* _About this task_: Scan the data for "image" and copy each matching line.

[Records shown — start]

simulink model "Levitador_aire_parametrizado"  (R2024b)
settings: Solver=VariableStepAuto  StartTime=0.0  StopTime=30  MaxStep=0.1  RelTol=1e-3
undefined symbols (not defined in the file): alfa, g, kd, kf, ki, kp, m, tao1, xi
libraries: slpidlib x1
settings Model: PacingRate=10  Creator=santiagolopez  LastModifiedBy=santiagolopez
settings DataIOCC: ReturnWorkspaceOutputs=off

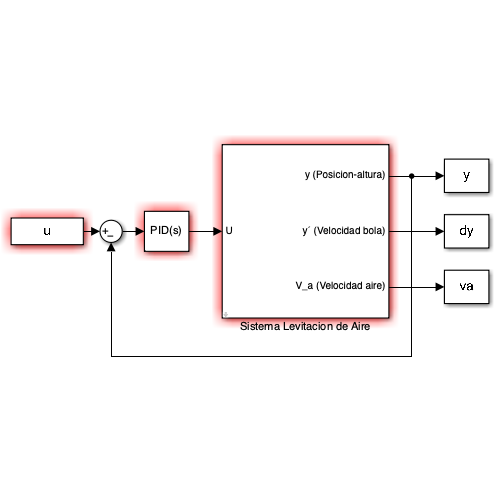
[thumbnail: Simulink's stored preview of the top-level diagram]
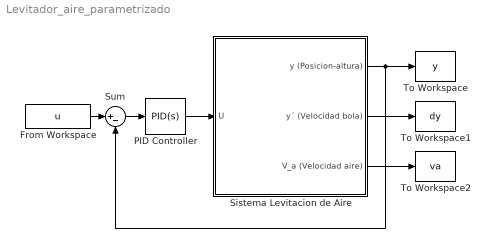
== system Levitador_aire_parametrizado ==
  From Workspace : FromWorkspace  VariableName=u
  PID Controller : slpidlib/PID Controller  Controller=PID  Form=Parallel  TimeDomain=Continuous-time  UseExternalTs=off  SampleTime=-1  IntegratorMethod=Forward Euler  FilterMethod=Forward Euler  ControllerParametersSource=internal  P=kp  I=ki  UseKiTs=off  D=kd  UseExternalDerivativeSource=off  N=100  UseFilter=on  TunerSelectOption=Transfer Function Based (PID Tuner App)  InitialConditionSource=internal  InitialConditionForIntegrator=0  InitialConditionForFilter=0  DifferentiatorICPrevScaledInput=0  ExternalReset=none  TrackingMode=off  Kt=1  LimitOutput=off  SatLimitsSource=internal  UpperSaturationLimit=inf  LowerSaturationLimit=-inf  LinearizeAsGain=on  AntiWindupMode=none  Kb=1  LimitIntegrator=off  UpperIntegratorSaturationLimit=inf  LowerIntegratorSaturationLimit=-inf  POutMin=[]  POutMax=[]  IOutMin=[]  IOutMax=[]  DOutMin=[]  DOutMax=[]  NOutMin=[]  NOutMax=[]  SumOutMin=[]  SumOutMax=[]  SaturationOutMin=[]  SaturationOutMax=[]  PParamMin=[]  PParamMax=[]  IParamMin=[]  IParamMax=[]  DParamMin=[]  DParamMax=[]  NParamMin=[]  NParamMax=[]  KbParamMin=[]  KbParamMax=[]  KtParamMin=[]  KtParamMax=[]  KbOutMin=[]  KbOutMax=[]  KtOutMin=[]  KtOutMax=[]  IntegratorOutMin=[]  IntegratorOutMax=[]  FilterOutMin=[]  FilterOutMax=[]  SumI1OutMin=[]  SumI1OutMax=[]  SumI2OutMin=[]  SumI2OutMax=[]  SumI3OutMin=[]  SumI3OutMax=[]  SumI4OutMin=[]  SumI4OutMax=[]  SumDOutMin=[]  SumDOutMax=[]  DifferentiatorOutMin=[]  DifferentiatorOutMax=[]  FilterDiffOutCoefMin=[]  FilterDiffOutCoefMax=[]  ReciprocalOutMin=[]  ReciprocalOutMax=[]  SumDenOutMin=[]  SumDenOutMax=[]  SumNumOutMin=[]  SumNumOutMax=[]  DivideOutMin=[]  DivideOutMax=[]  UdiffTsProdOutMin=[]  UdiffTsProdOutMax=[]  NTsProdOutMin=[]  NTsProdOutMax=[]  UintegralTsProdOutMin=[]  UintegralTsProdOutMax=[]  UngainTsProdOutMin=[]  UngainTsProdOutMax=[]  ClampingZeroOutDataTypeStr=Inherit: Inherit via back propagation  ClampingZeroOutMin=[]  ClampingZeroOutMax=[]  FilterDenConstantOutDataTypeStr=Inherit: Inherit via back propagation  FilterDenConstantOutMin=[]  FilterDenConstantOutMax=[]  PCopyOutDataTypeStr=Inherit: Inherit via back propagation  PCopyOutMin=[]  PCopyOutMax=[]  NCopyOutDataTypeStr=Inherit: Inherit via back propagation  NCopyOutMin=[]  NCopyOutMax=[]  IntegratorContinuousStateAttributes=''  IntegratorStateMustResolveToSignalObject=off  IntegratorRTWStateStorageClass=Auto  FilterContinuousStateAttributes=''  FilterStateMustResolveToSignalObject=off  FilterRTWStateStorageClass=Auto  ParallelPVariant=InternalParameters  IdealPVariant=Disabled  IVariant=InternalParameters  DVariant=InternalParameters  IntegratorVariant=Continuous  SatVariant=Disabled  AWVariant=Passthrough  PCopyVariant=Disabled  TRVariant=Disabled  FdbkBlocksVariant=Forward  IdealPFdbkVariant=Disabled  SatFdbkVariant=Disabled  DerivativeFilterVariant=ContFilter  NVariant=InternalParameters  NCopyVariant=Disabled  FilterICVariant=InternalICsFilter  IntegratorICVariant=InternalICs  ExternalResetVariant=Disabled  TRSumVariant=Passthrough  SumFdbkVariant=Disabled  SumVariant=Sum_PID  TsampFilterVariant=InternalTs  TsampNgainVariant=Passthrough  TsampIntegralVariant=Disabled_SignalSpec  ExternalSaturationOutDataTypeStr=Inherit: Same as second input  DerivativeSourceVariant=ErrorSignal  PreIntVariant=InternalPreInt
  Sistema Levitacion de Aire : Subsystem  mask{g=g, m=m, tao1=tao1, Kf=kf, alfa=alfa, ci=xi}
      mask prompts: g "Aceleracion de la gravedad (g, m/s^2)"; m "Masa (m, kg)"; tao1 "Constante de tiempo (tao1, s)"; Kf "Ganancia (Kf, m/s por unidad de entrada)"; alfa "Coeficiente aerodinamico (alfa,"; ci "Condiciones iniciales [y, y', v_a]"
  Sum : Sum  Inputs=|+-
  To Workspace : ToWorkspace  VariableName=y  SaveFormat=Timeseries  SampleTime=-1
  To Workspace1 : ToWorkspace  VariableName=dy  SaveFormat=Timeseries  SampleTime=-1
  To Workspace2 : ToWorkspace  VariableName=va  SaveFormat=Structure With Time  SampleTime=-1
  wires:
  Sistema Levitacion de Aire/1(y (Posicion-altura)) -> Sum/2, To Workspace/1
  Sistema Levitacion de Aire/2(y´ (Velocidad bola)) -> To Workspace1/1
  Sistema Levitacion de Aire/3(V_a (Velocidad aire)) -> To Workspace2/1
  From Workspace/1 -> Sum/1
  Sum/1 -> PID Controller/1
  PID Controller/1 -> Sistema Levitacion de Aire/1(U)

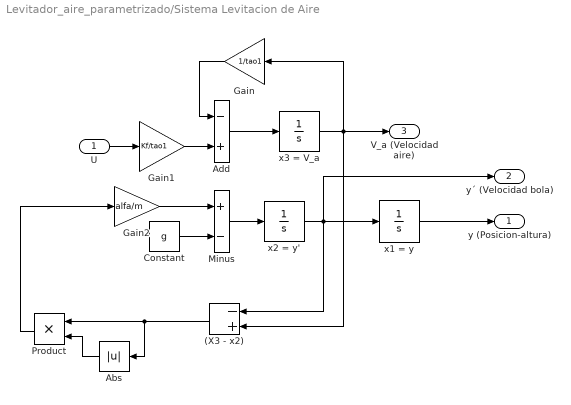
== system Levitador_aire_parametrizado/Sistema Levitacion de Aire ==
  U : Inport
  (X3 - x2) : Sum  Inputs=-+
  Abs : Abs  SaturateOnIntegerOverflow=off
  Add : Sum  Inputs=-+
  Constant : Constant  Value=g
  Gain : Gain  Gain=1/tao1
  Gain1 : Gain  Gain=Kf/tao1
  Gain2 : Gain  Gain=alfa/m
  Minus : Sum  Inputs=+-
  Product : Product
  x1 = y : Integrator  InitialCondition=ci(1)
  x2 = y' : Integrator  InitialCondition=ci(2)
  x3 = V_a : Integrator  InitialCondition=ci(3)
  y (Posicion-altura) : Outport
  y´ (Velocidad bola) : Outport  Port=2
  V_a (Velocidad aire) : Outport  Port=3
  wires:
  U/1 -> Gain1/1
  Constant/1 -> Minus/2
  Abs/1 -> Product/2
  Minus/1 -> x2 = y'/1
  Add/1 -> x3 = V_a/1
  Gain1/1 -> Add/2
  Gain/1 -> Add/1
  Gain2/1 -> Minus/1
  x2 = y'/1 -> y´ (Velocidad bola)/1, (X3 - x2)/1, x1 = y/1
  (X3 - x2)/1 -> Abs/1, Product/1
  x3 = V_a/1 -> Gain/1, V_a (Velocidad aire)/1, (X3 - x2)/2
  x1 = y/1 -> y (Posicion-altura)/1
  Product/1 -> Gain2/1
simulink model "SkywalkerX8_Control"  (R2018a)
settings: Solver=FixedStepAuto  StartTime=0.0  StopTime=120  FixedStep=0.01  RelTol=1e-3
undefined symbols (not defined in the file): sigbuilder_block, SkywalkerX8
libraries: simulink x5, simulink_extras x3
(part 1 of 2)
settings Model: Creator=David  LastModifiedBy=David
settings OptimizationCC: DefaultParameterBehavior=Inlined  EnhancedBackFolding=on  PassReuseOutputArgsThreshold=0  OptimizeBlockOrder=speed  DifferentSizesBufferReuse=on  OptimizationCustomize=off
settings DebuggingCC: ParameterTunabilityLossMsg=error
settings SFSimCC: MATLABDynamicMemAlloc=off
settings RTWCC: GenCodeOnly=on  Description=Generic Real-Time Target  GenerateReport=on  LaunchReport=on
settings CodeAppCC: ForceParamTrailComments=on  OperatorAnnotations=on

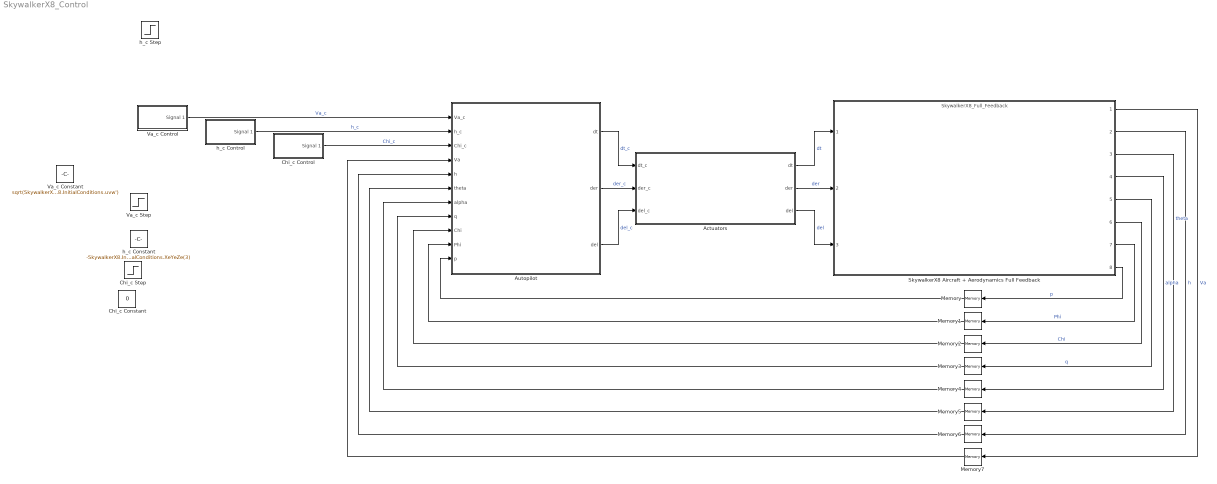
== system SkywalkerX8_Control ==
  Actuators : Subsystem
      mask Display:
      | image('actuators.jpg', 'center')
      | 
      | color('white')
      | 
      | port_label('input', 1, 'd_{t_c} (Unitless)', 'texmode', 'on')
      | port_label('input', 2, 'd_{{er}_c} (rad)', 'texmode', 'on')
      | port_label('input', 3, 'd_{{el}_c} (rad)', 'texmode', 'on')
      | 
      | port_label('output', 1, 'd_t (Unitless)', 'texmode', 'on')
      | port_label('output', 2, 'd_{er} (rad)', 'texmode', 'on')
      | port_label('output', 3, 'd_{el} (rad)', 'texmode', 'on')
  Autopilot : Subsystem
      mask Display:
      | image('autopilot.png', 'center')
      | 
      | port_label('output', 1, '\delta_t (Unitless)', 'texmode', 'on')
      | port_label('output', 2, '\delta_e_r (rad)', 'texmode', 'on')
      | port_label('output', 3, '\delta_e_l (rad)', 'texmode', 'on')
      | 
      | port_label('input', 1, 'V_{a_c} (m/s)', 'texmode', 'on')
      | port_label('input', 2, 'h_c (m)', 'texmode', 'on')
      | port_label('input', 3, '\chi_c (rad)', 'texmode', 'on')
      | port_label('input', 4, 'V_a (m/s)', 'texmode', 'on')
      | port_label('input', 5, 'Altitude (m)', 'texmode', 'on')
      | port_label('input', 6, '\theta (rad)', 'texmode', 'on')
      | port_label('input', 7, '\alpha (rad)', 'texmode', 'on')
      | port_label('input', 8, 'q (rad/s)', 'texmode', 'on')
      | port_label('input', 9, '\chi (rad)', 'texmode', 'on')
      | port_label('input', 10, '\phi (rad)', 'texmode', 'on')
      | port_label('input', 11, 'p (rad/s)', 'texmode', 'on')
  Chi_c Constant : Constant  Value=0
  Chi_c Control : Subsystem  Tag=STV Subsys  LoadFcn=sigbuilder_block('load');  StartFcn=sigbuilder_block('start');  StopFcn=sigbuilder_block('stop');  ClipboardFcn=sigbuilder_block('clipboard');  mask(Sigbuilder block){tuvar=[0:10]}
      mask help: Simulink:masks:SigbuilderBlock_MD
      mask init:
      | if ~strcmp(get_param(bdroot(gcbh),'SimulationStatus'),'stopped') tuvar = sigbuilder_block('maskInit'); end
      settings: CopyFcn=sigbuilder_block('copy');  DeleteFcn=sigbuilder_block('delete');  ModelCloseFcn=sigbuilder_block('modelClose');  PreSaveFcn=sigbuilder_block('preSave');  PauseFcn=sigbuilder_block('pause');  ContinueFcn=sigbuilder_block('continue');  NameChangeFcn=sigbuilder_block('namechange');  OpenFcn=sigbuilder_block('open',[437.6 199.2 550.4 400 ]);  CloseFcn=sigbuilder_block('close');
      mask Display: plot(0, 0, 100, 100,[2, 2, 32, 32, 2], [68, 8, 8, 68, 68],[32, 2], [38, 38], [32, 19, 2],[53, 60, 44], [32, 17, 17, 2],[16, 16, 31, 31]);txt = getActiveGroup(gcbh);text(2, 100, txt,'verticalAlignment', 'top');
  Chi_c Step : Step  After=deg2rad(90)  SampleTime=0
  Memory : Memory  InitialCondition=SkywalkerX8.InitialConditions.pqr(1)
  Memory1 : Memory  InitialCondition=SkywalkerX8.InitialConditions.PhiThetaPsi(1)
  Memory2 : Memory  InitialCondition=SkywalkerX8.InitialConditions.PhiThetaPsi(3)
  Memory3 : Memory  InitialCondition=SkywalkerX8.InitialConditions.pqr(2)
  Memory4 : Memory  InitialCondition=atan2(SkywalkerX8.InitialConditions.uvw(3), SkywalkerX8.InitialConditions.uvw(1))
  Memory5 : Memory  InitialCondition=SkywalkerX8.InitialConditions.PhiThetaPsi(2)
  Memory6 : Memory  InitialCondition=-SkywalkerX8.InitialConditions.XeYeZe(3)
  Memory7 : Memory  InitialCondition=sqrt(SkywalkerX8.InitialConditions.uvw*SkywalkerX8.InitialConditions.uvw')
  SkywalkerX8 Aircraft + Aerodynamics Full Feedback : ModelReference  ModelNameDialog=SkywalkerX8_Full_Feedback  ModelReferenceVersion=1.29
      mask Display:
      | image('x8SkySunset.png', 'center')
      | 
      | port_label('input', 1, '\delta_t (Unitless)', 'texmode', 'on')
      | port_label('input', 2, '\delta_e_r (rad)', 'texmode', 'on')
      | port_label('input', 3, '\delta_e_l (rad)', 'texmode', 'on')
      | 
      | port_label('output', 1, 'V_a (m/s)', 'texmode', 'on')
      | port_label('output', 2, 'Altitude (m)', 'texmode', 'on')
      | port_label('output', 3, '\theta (rad)', 'texmode', 'on')
      | port_label('output', 4, '\alpha (rad)', 'texmode', 'on')
      | port_label('output', 5, 'q (rad/s)', 'texmode', 'on')
      | port_label('output', 6, '\chi (rad)', 'texmode', 'on')
      | port_label('output', 7, '\phi (rad)', 'texmode', 'on')
      | port_label('output', 8, 'p (rad/s)', 'texmode', 'on')
  Va_c Constant : Constant  Value=sqrt(SkywalkerX8.InitialConditions.uvw*SkywalkerX8.InitialConditions.uvw')
  Va_c Control : Subsystem  Tag=STV Subsys  LoadFcn=sigbuilder_block('load');  StartFcn=sigbuilder_block('start');  StopFcn=sigbuilder_block('stop');  ClipboardFcn=sigbuilder_block('clipboard');  mask(Sigbuilder block){tuvar=[0:10]}
      mask help: Simulink:masks:SigbuilderBlock_MD
      mask init:
      | if ~strcmp(get_param(bdroot(gcbh),'SimulationStatus'),'stopped') tuvar = sigbuilder_block('maskInit'); end
      settings: CopyFcn=sigbuilder_block('copy');  DeleteFcn=sigbuilder_block('delete');  ModelCloseFcn=sigbuilder_block('modelClose');  PreSaveFcn=sigbuilder_block('preSave');  PauseFcn=sigbuilder_block('pause');  ContinueFcn=sigbuilder_block('continue');  NameChangeFcn=sigbuilder_block('namechange');  OpenFcn=sigbuilder_block('open',[437.6 199.2 550.4 400 ]);  CloseFcn=sigbuilder_block('close');
      mask Display: plot(0, 0, 100, 100,[2, 2, 32, 32, 2], [68, 8, 8, 68, 68],[32, 2], [38, 38], [32, 19, 2],[53, 60, 44], [32, 17, 17, 2],[16, 16, 31, 31]);txt = getActiveGroup(gcbh);text(2, 100, txt,'verticalAlignment', 'top');
  Va_c Step : Step  Before=sqrt(SkywalkerX8.InitialConditions.uvw*SkywalkerX8.InitialConditions.uvw')  After=sqrt(SkywalkerX8.InitialConditions.uvw*SkywalkerX8.InitialConditions.uvw')  SampleTime=0
  h_c Constant : Constant  Value=-SkywalkerX8.InitialConditions.XeYeZe(3)
  h_c Control : Subsystem  Tag=STV Subsys  LoadFcn=sigbuilder_block('load');  StartFcn=sigbuilder_block('start');  StopFcn=sigbuilder_block('stop');  ClipboardFcn=sigbuilder_block('clipboard');  mask(Sigbuilder block){tuvar=[0:10]}
      mask help: Simulink:masks:SigbuilderBlock_MD
      mask init:
      | if ~strcmp(get_param(bdroot(gcbh),'SimulationStatus'),'stopped') tuvar = sigbuilder_block('maskInit'); end
      settings: CopyFcn=sigbuilder_block('copy');  DeleteFcn=sigbuilder_block('delete');  ModelCloseFcn=sigbuilder_block('modelClose');  PreSaveFcn=sigbuilder_block('preSave');  PauseFcn=sigbuilder_block('pause');  ContinueFcn=sigbuilder_block('continue');  NameChangeFcn=sigbuilder_block('namechange');  OpenFcn=sigbuilder_block('open',[6 30 1428 771.75 ]);  CloseFcn=sigbuilder_block('close');
      mask Display: plot(0, 0, 100, 100,[2, 2, 32, 32, 2], [68, 8, 8, 68, 68],[32, 2], [38, 38], [32, 19, 2],[53, 60, 44], [32, 17, 17, 2],[16, 16, 31, 31]);txt = getActiveGroup(gcbh);text(2, 100, txt,'verticalAlignment', 'top');
  h_c Step : Step  Time=0.1  Before=-SkywalkerX8.InitialConditions.XeYeZe(3)  After=100  SampleTime=0
  wires:
  SkywalkerX8 Aircraft + Aerodynamics Full Feedback/6 -> Memory2/1  "Chi"
  SkywalkerX8 Aircraft + Aerodynamics Full Feedback/5 -> Memory3/1  "q"
  SkywalkerX8 Aircraft + Aerodynamics Full Feedback/4 -> Memory4/1  "alpha"
  SkywalkerX8 Aircraft + Aerodynamics Full Feedback/3 -> Memory5/1  "theta"
  SkywalkerX8 Aircraft + Aerodynamics Full Feedback/2 -> Memory6/1  "h"
  SkywalkerX8 Aircraft + Aerodynamics Full Feedback/1 -> Memory7/1  "Va"
  Memory/1 -> Autopilot/11(p)
  Memory1/1 -> Autopilot/10(Phi)
  Memory2/1 -> Autopilot/9(Chi)
  Memory3/1 -> Autopilot/8(q)
  Memory4/1 -> Autopilot/7(alpha)
  Memory5/1 -> Autopilot/6(theta)
  Memory6/1 -> Autopilot/5(h)
  Memory7/1 -> Autopilot/4(Va)
  h_c Control/1(Signal 1) -> Autopilot/2(h_c)  "h_c"
  Chi_c Control/1(Signal 1) -> Autopilot/3(Chi_c)  "Chi_c"
  Va_c Control/1(Signal 1) -> Autopilot/1(Va_c)  "Va_c"
  SkywalkerX8 Aircraft + Aerodynamics Full Feedback/8 -> Memory/1  "p"
  SkywalkerX8 Aircraft + Aerodynamics Full Feedback/7 -> Memory1/1  "Phi"
  Autopilot/1(dt) -> Actuators/1(dt_c)  "dt_c"
  Actuators/1(dt) -> SkywalkerX8 Aircraft + Aerodynamics Full Feedback/1  "dt"
  Autopilot/2(der) -> Actuators/2(der_c)  "der_c"
  Actuators/2(der) -> SkywalkerX8 Aircraft + Aerodynamics Full Feedback/2  "der"
  Autopilot/3(del) -> Actuators/3(del_c)  "del_c"
  Actuators/3(del) -> SkywalkerX8 Aircraft + Aerodynamics Full Feedback/3  "del"

== system SkywalkerX8_Control/Actuators ==
  dt_c : Inport
  der_c : Inport  Port=2
  del_c : Inport  Port=3
  Left Servo-Motor : Subsystem
      mask Display: image('servo.jpg', 'center')
  Motor Model : simulink_extras/Additional Linear/State-Space (with initial outputs)  A=SkywalkerX8.Actuators.Motor.SS.A  B=SkywalkerX8.Actuators.Motor.SS.B  C=SkywalkerX8.Actuators.Motor.SS.C  D=SkywalkerX8.Actuators.Motor.SS.D  U0=SkywalkerX8.InitialConditions.dt  Y0=SkywalkerX8.InitialConditions.dt  mask(State-Space with Initial Outputs){}
      settings: SourceProductName=Simulink  SourceProductBaseCode=SL
      mask Display: image('motor.jpg', 'center')
  Right Servo-Motor : Subsystem
      mask Display: image('servo.jpg', 'center')
  dt : Outport
  der : Outport  Port=2
  del : Outport  Port=3
  wires:
  del_c/1 -> Left Servo-Motor/1(del_c)
  Motor Model/1 -> dt/1
  Left Servo-Motor/1(del) -> del/1
  der_c/1 -> Right Servo-Motor/1(der_c)
  dt_c/1 -> Motor Model/1
  Right Servo-Motor/1(der) -> der/1

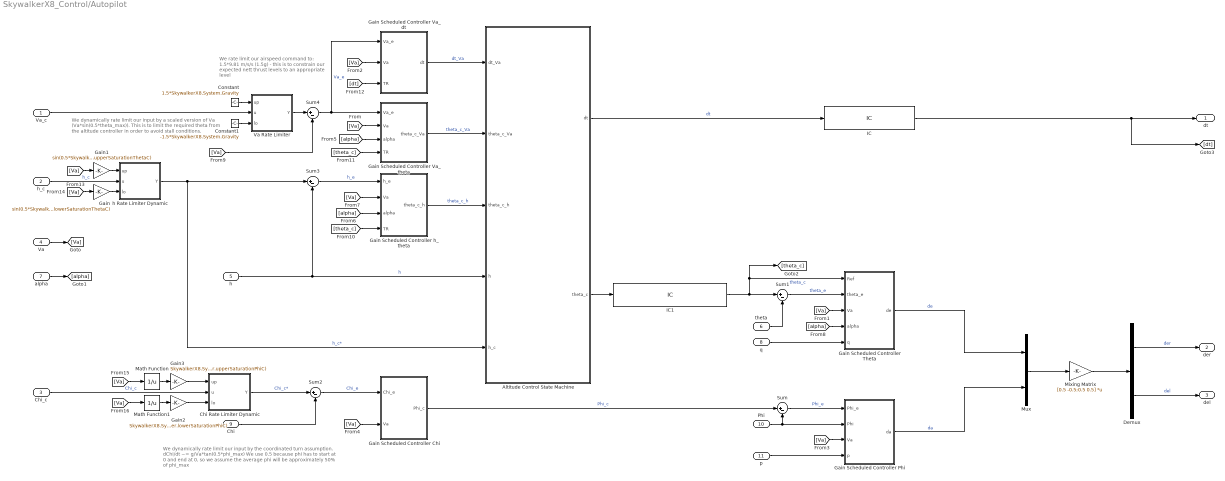
== system SkywalkerX8_Control/Autopilot ==
  note: We dynamically rate limit our input
      | by a scaled version of Va (Va*sin(0.5*theta_max)).
      |
      | This is to limit the required theta from the altitude controller
      | in order to avoid stall conditions.
  note: We dynamically rate limit our input
      | by the coordinated turn assumption.
      |
      | dChi/dt ~= g/Va*tan(0.5*phi_max)
      |
      | We use 0.5 because phi has to start at 0 and end at 0, so we assume
      | the average phi will be approximately 50% of phi_max
  note: We rate limit our airspeed command to:
      |
      | 1.5*9.81 m/s/s (1.5g) - this is to constrain our expected nett thrust levels to an appropriate level
  Va_c : Inport
  h_c : Inport  Port=2
  Chi_c : Inport  Port=3
  Va : Inport  Port=4
  h : Inport  Port=5
  theta : Inport  Port=6
  alpha : Inport  Port=7
  q : Inport  Port=8
  Chi : Inport  Port=9
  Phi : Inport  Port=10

[Records shown — finish]

* _Solution to this problem_:
      | image('actuators.jpg', 'center')
      | image('autopilot.png', 'center')
      | image('x8SkySunset.png', 'center')
      mask Display: image('servo.jpg', 'center')
      mask Display: image('motor.jpg', 'center')
      mask Display: image('servo.jpg', 'center')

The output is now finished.